The Cuban flower bat (Phyllonycteris poeyi), also called Poey's flower bat, is a species of bat in the family Phyllostomidae. It is found on the Caribbean islands of Cuba and Hispaniola (in both Haiti and the Dominican Republic).

==Description==
The Cuban flower bat is a medium-sized bat, with a wingspan of 29 to 35 cm, and a body weight of 15 to 29 g. The males are significantly larger than the females. Both sexes have silky, uniformly greyish-white fur. They have a relatively short tail, no more than 18 mm long, and only a narrow patagium between the legs, since they lack a calcar. The snout is relatively long and narrow and bears a simple, rather rudimentary, nose leaf. The tongue is also long, with a hair like structure forming a brush at the top, which helps the bat to feed on nectar from flowers.
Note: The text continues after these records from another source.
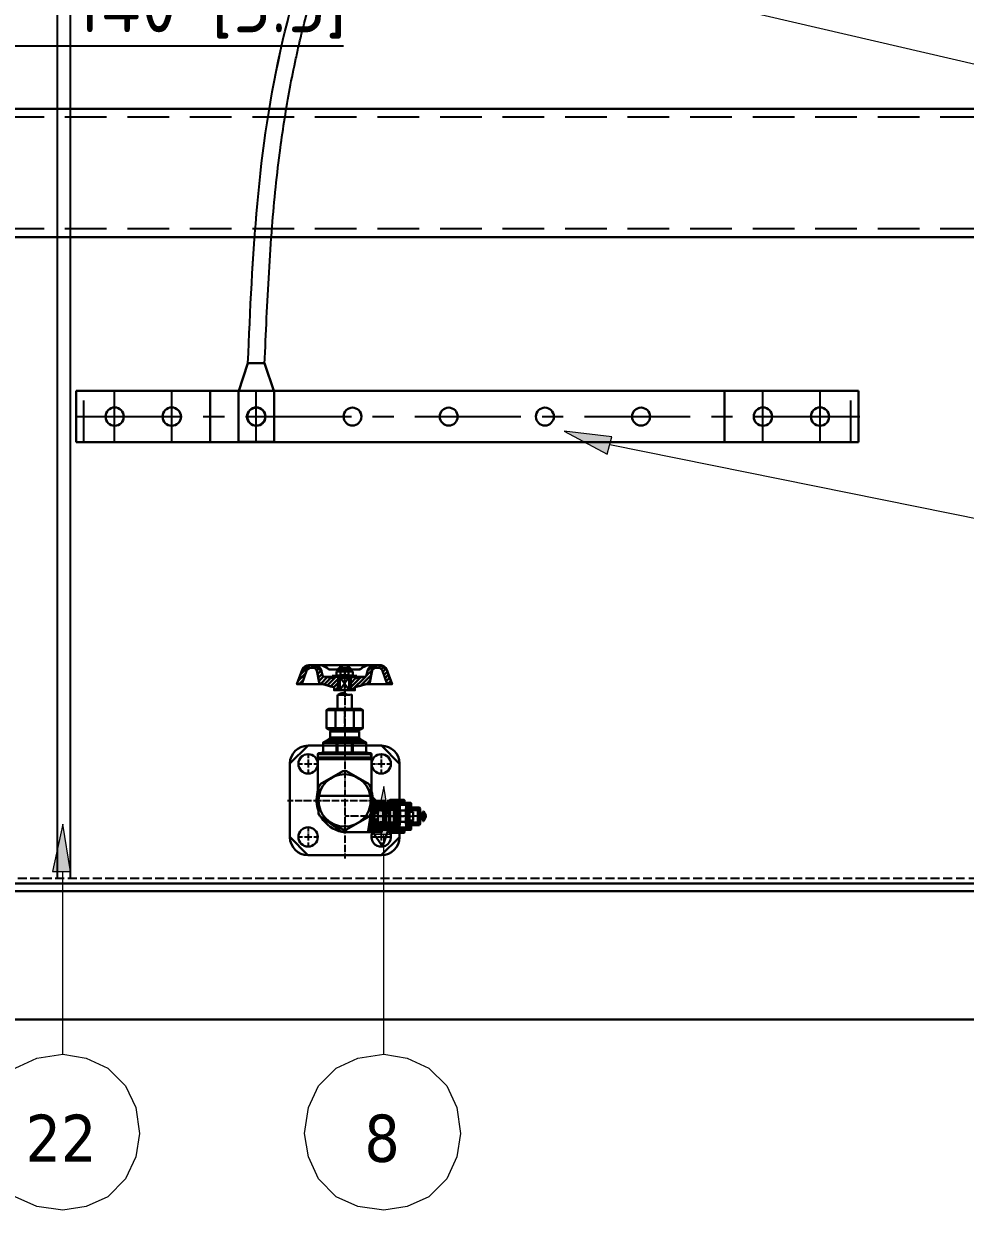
# Model space of a CAD drawing. Header units: millimetres. Extents: x 183355 to 194386, y -190559 to -183233.
# Drawn here: x 185901 to 186635, y -186148 to -185223 of the extents above; entities that cross this region are included whole.
import ezdxf

# ---------------------------------------------------------------- set-up
doc = ezdxf.new("R2010")
doc.units = ezdxf.units.MM
doc.header["$LTSCALE"] = 13
doc.linetypes.add('CENTERX2', pattern=[101.6, 63.5, -12.7, 12.7, -12.7])
doc.linetypes.add('DASHED', pattern=[0.75, 0.5, -0.25])
for name, color, linetype in [('1', 4, 'Continuous'), ('2细线层', 4, 'Continuous'), ('4虚线层', 6, 'DASHED'), ('粗实线', 4, 'Continuous'), ('细实线', 2, 'Continuous')]:
    doc.layers.add(name, color=color, linetype=linetype)
for name, color, linetype, lineweight in [('2细实线', 3, 'Continuous', 20), ('标注、文本', 3, 'Continuous', 25), ('铁心', 3, 'Continuous', 0)]:
    doc.layers.add(name, color=color, linetype=linetype, lineweight=lineweight)
doc.styles.get("Standard").update_dxf_attribs({"font": 'gbenor.shx', "bigfont": 'gbcbig.shx'})
doc.styles.add('Tahoma$001', font='tahoma.ttf', dxfattribs={"height": 2.159784})
doc.dimstyles.new('英寸 1-10', dxfattribs={"dimscale": 14, "dimtxt": 3.5, "dimasz": 2, "dimexe": 1.5, "dimexo": 0.5, "dimgap": 0.5, "dimtad": 1, "dimtoh": 1, "dimdec": 1, "dimdsep": 46, "dimtxsty": 'Standard', "dimcen": 2.5, "dimclrd": 3, "dimclre": 3, "dimclrt": 3, "dimadec": 0, "dimazin": 2, "dimtfac": 1, "dimtdec": 1, "dimtmove": 0, "dimatfit": 2, "dimfxl": 1, "dimarcsym": 0})

# ---------------------------------------------------------------- blocks, each defined once
blk = doc.blocks.new('A$C08576B93')
at = {"layer": '1', "color": 1, "linetype": 'CENTERX2', "lineweight": -3, "ltscale": 0.1}
for p, q in [((30, 0), (30, 40)), ((74.5, 0), (74.5, 40))]:
    blk.add_line(p, q, dxfattribs=at)
at = {"layer": '4虚线层', "ltscale": 5}
blk.add_line((6, 0), (6, 40), dxfattribs=at)
at = {"layer": '粗实线', "lineweight": 30}
for p, q in [((0, 40), (104.5, 40)), ((0, 0), (0, 40)), ((104.5, 40), (104.5, 0)), ((104.5, 0), (0, 0))]:
    blk.add_line(p, q, dxfattribs=at)
for centre in [(30, 20), (74.5, 20)]:
    blk.add_circle(centre, 7.15, dxfattribs=at)
blk = doc.blocks.new('A$C68737E7E')
at = {"layer": '1', "color": 1, "linetype": 'CENTERX2', "lineweight": -3, "ltscale": 0.1}
for p, q in [((44.7, 143.08), (44.7, 146.18)), ((44.7, 146.18), (44.7, 139.9)), ((44.7, 142.28), (44.7, 142.39)), ((44.7, 135.92), (44.7, 141.56)), ((44.7, 139.21), (44.7, 139.07)), ((44.7, 138.38), (44.7, 132.74)), ((44.7, 135.09), (44.7, 135.23)), ((44.7, 128.76), (44.7, 134.4)), ((44.7, 132.02), (44.7, 131.91)), ((44.7, 131.22), (44.7, 125.58)), ((44.7, 130.92), (44.7, 126.55)), ((44.7, 127.93), (44.7, 128.04)), ((44.7, 125.86), (44.7, 125.75)), ((44.7, 125.03), (44.7, 119.39)), ((44.7, 118.7), (44.7, 118.56)), ((44.7, 117.87), (44.7, 113.5)), ((44.7, 112.31), (44.7, 117.37)), ((44.7, 113.25), (44.7, 110.35)), ((44.7, 111.48), (44.7, 111.62)), ((44.7, 105.15), (44.7, 110.79)), ((44.7, 109.63), (44.7, 109.52)), ((44.7, 108.83), (44.7, 103.16)), ((44.7, 104.32), (44.7, 104.44)), ((44.7, 98.55), (44.7, 103.61)), ((44.7, 102.47), (44.7, 102.36)), ((44.7, 101.7), (44.7, 98.22)), ((44.7, 101.64), (44.7, 96)), ((44.7, 97.52), (44.7, 97.39)), ((44.7, 96.7), (44.7, 91.06)), ((44.7, 95.31), (44.7, 95.18)), ((44.7, 94.48), (44.7, 88.84)), ((44.7, 90.34), (44.7, 90.23)), ((44.7, 89.54), (44.7, 83.87)), ((44.7, 88.13), (44.7, 88.02)), ((44.7, 87.32), (44.7, 81.66)), ((16.2, 81.33), (16.2, 78.06)), ((16.2, 77.37), (16.2, 77.23)), ((16.2, 76.54), (16.2, 70.9)), ((44.7, 83.18), (44.7, 83.07)), ((44.7, 82.35), (44.7, 76.71)), ((44.7, 80.97), (44.7, 80.86)), ((44.7, 80.14), (44.7, 77.23)), ((44.7, 76.02), (44.7, 75.88)), ((44.7, 75.19), (44.7, 69.55)), ((73.2, 81.33), (73.2, 78.06)), ((73.2, 77.37), (73.2, 77.23)), ((73.2, 76.54), (73.2, 70.9)), ((8.6, 73.72), (11.86, 73.72)), ((12.55, 73.72), (12.66, 73.72)), ((13.38, 73.72), (19.02, 73.72)), ((16.2, 70.19), (16.2, 70.08)), ((16.2, 69.38), (16.2, 66.12)), ((19.74, 73.72), (19.85, 73.72)), ((20.54, 73.72), (23.8, 73.72)), ((44.7, 68.83), (44.7, 68.72)), ((44.7, 68.03), (44.7, 62.36)), ((65.6, 73.72), (68.83, 73.72)), ((69.55, 73.72), (69.66, 73.72)), ((70.38, 73.72), (76.02, 73.72)), ((73.2, 70.19), (73.2, 70.08)), ((73.2, 69.38), (73.2, 66.12)), ((76.71, 73.72), (76.85, 73.72)), ((77.54, 73.72), (80.8, 73.72)), ((44.7, 61.67), (44.7, 61.56)), ((44.7, 60.84), (44.7, 55.2)), ((44.7, 54.51), (44.7, 54.37)), ((44.7, 53.68), (44.7, 48.04)), ((44.7, 47.32), (44.7, 47.21)), ((44.7, 46.52), (44.7, 40.86)), ((0, 45.22), (4.51, 45.22)), ((5.2, 45.22), (5.31, 45.22)), ((6.03, 45.22), (11.67, 45.22)), ((12.38, 45.22), (12.49, 45.22)), ((13.19, 45.22), (18.82, 45.22)), ((19.54, 45.22), (19.65, 45.22)), ((20.37, 45.22), (26.01, 45.22)), ((26.7, 45.22), (26.81, 45.22)), ((27.53, 45.22), (33.17, 45.22)), ((33.89, 45.22), (34, 45.22)), ((34.69, 45.22), (40.33, 45.22)), ((41.05, 45.22), (41.16, 45.22)), ((41.88, 45.22), (47.52, 45.22)), ((44.7, 40.17), (44.7, 40.05)), ((44.7, 39.34), (44.7, 33.7)), ((48.21, 45.22), (48.32, 45.22)), ((49.04, 45.22), (54.68, 45.22)), ((55.4, 45.22), (55.51, 45.22)), ((56.2, 45.22), (61.84, 45.22)), ((62.56, 45.22), (62.67, 45.22)), ((63.39, 45.22), (69.02, 45.22)), ((69.3, 45.22), (73.67, 45.22)), ((69.72, 45.22), (69.83, 45.22)), ((70.55, 45.22), (76.18, 45.22)), ((76.9, 45.22), (77.01, 45.22)), ((77.7, 45.22), (83.34, 45.22)), ((84.06, 45.22), (84.17, 45.22)), ((84.89, 45.22), (89.4, 45.22)), ((44.7, 33.01), (44.7, 32.87)), ((48.32, 32.87), (44.7, 32.87)), ((44.7, 32.18), (44.7, 26.54)), ((49.15, 32.87), (49.04, 32.87)), ((55.51, 32.87), (49.87, 32.87)), ((56.31, 32.87), (56.2, 32.87)), ((62.67, 32.87), (57.03, 32.87)), ((63.5, 32.87), (63.36, 32.87)), ((69.83, 32.87), (64.19, 32.87)), ((70.1, 32.87), (76.49, 32.87)), ((70.66, 32.87), (70.55, 32.87)), ((77.01, 32.87), (71.37, 32.87)), ((77.21, 32.87), (77.32, 32.87)), ((77.82, 32.87), (77.7, 32.87)), ((81.69, 32.87), (77.9, 32.87)), ((78.01, 32.87), (83.65, 32.87)), ((84.17, 32.87), (78.53, 32.87)), ((82.51, 32.87), (82.4, 32.87)), ((88.87, 32.87), (83.23, 32.87)), ((84.37, 32.87), (84.48, 32.87)), ((85, 32.87), (84.86, 32.87)), ((85.2, 32.87), (90.83, 32.87)), ((89.34, 32.87), (85.69, 32.87)), ((89.7, 32.87), (89.56, 32.87)), ((96.03, 32.87), (90.39, 32.87)), ((91.53, 32.87), (91.66, 32.87)), ((92.36, 32.87), (98.74, 32.87)), ((96.86, 32.87), (96.75, 32.87)), ((103.19, 32.87), (97.55, 32.87)), ((104.02, 32.87), (103.91, 32.87)), ((108.53, 32.87), (104.74, 32.87)), ((16.2, 24.33), (16.2, 21.06)), ((16.2, 20.37), (16.2, 20.26)), ((16.2, 19.54), (16.2, 13.9)), ((44.7, 25.82), (44.7, 25.71)), ((44.7, 25.02), (44.7, 19.35)), ((44.7, 18.66), (44.7, 18.55)), ((73.2, 24.33), (73.2, 21.06)), ((73.2, 20.37), (73.2, 20.26)), ((73.2, 19.54), (73.2, 13.9)), ((8.6, 16.72), (11.86, 16.72)), ((12.55, 16.72), (12.66, 16.72)), ((13.38, 16.72), (19.02, 16.72)), ((16.2, 13.21), (16.2, 13.08)), ((16.2, 12.38), (16.2, 9.12)), ((19.74, 16.72), (19.85, 16.72)), ((20.54, 16.72), (23.8, 16.72)), ((44.7, 17.83), (44.7, 12.19)), ((44.7, 11.5), (44.7, 11.36)), ((44.7, 10.67), (44.7, 5.03)), ((65.6, 16.72), (68.83, 16.72)), ((69.55, 16.72), (69.66, 16.72)), ((70.38, 16.72), (76.02, 16.72)), ((73.2, 13.21), (73.2, 13.08)), ((73.2, 12.38), (73.2, 9.12)), ((76.71, 16.72), (76.85, 16.72)), ((77.54, 16.72), (80.8, 16.72)), ((44.7, 4.31), (44.7, 4.2)), ((44.7, 3.48), (44.7, 0))]:
    blk.add_line(p, q, dxfattribs=at)
at = {"layer": '标注、文本', "color": 4, "lineweight": 30}
for p, q in [((17.64, 150.79), (10.34, 143.5)), ((17.03, 150.79), (27.53, 150.79)), ((17.47, 148.47), (20.81, 148.47)), ((20.9, 150.79), (18.58, 148.47)), ((23.58, 150.18), (21.7, 148.31)), ((25.43, 148.77), (23.11, 146.45)), ((27.53, 150.79), (62.69, 150.79)), ((42.21, 148.47), (41.05, 147.34)), ((41.99, 148.25), (41.99, 146.07)), ((42.21, 148.47), (46.85, 148.47)), ((43.26, 150.79), (44.56, 150.79)), ((43.26, 150.79), (45.86, 150.79)), ((45.86, 150.79), (44.56, 150.79)), ((46.85, 148.47), (48.02, 147.34)), ((47.08, 148.25), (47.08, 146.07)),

Cuban flower bats have been reported as flying no faster than 6.7 km/h, and the shape of the wings would suggest that they have difficulty hovering in place. Unlike other related bats, their echolocation calls are typically less than 50 kHz, and relatively long, lasting up to 7 seconds. In more enclosed spaces, like many bats, the calls are modified to shorter, frequency modulated sounds.

==Distribution and habitat==
The Cuban flower bat is endemic to Cuba, Hispaniola, Isla de la Juventud, and surrounding smaller islands. On Hispaniola, it has been reported from both Haiti and the Dominican Republic. It inhabits evergreen forest and scrubland at elevations up to 1700 m. There are two generally recognised subspecies, although these are sometimes considered to be wholly separate species:

- Phyllonycteris poeyi poeyi - Cuba and Isla de la Juventud
- Phyllonycteris poeyi obtusa - Hispaniola

==Behaviour and ecology==
Like most bats, the Cuban flower bat is nocturnal. It spends the day in colonies of several thousand individuals in narrow, blind-ending cave galleries. Such caves are often shared with other species of bat, including the Cuban fruit-eating bat, the buffy flower bat and various moustached bats. During the night, Cuban flower bats feed primarily on seeds and flower pollen from a wide range of plants, although they do also eat some flying insects. They are typically gregarious animals, flying in groups of up to thirty individuals during the night. The main predators of Cuban flower bats include barn owls, stygian owls, and Cuban boas.

Females come into oestrus once a year, probably around December. The gestation period is unknown, but is likely to be around six months. The mother gives birth to a single, hairless infant, weighing around 5 g.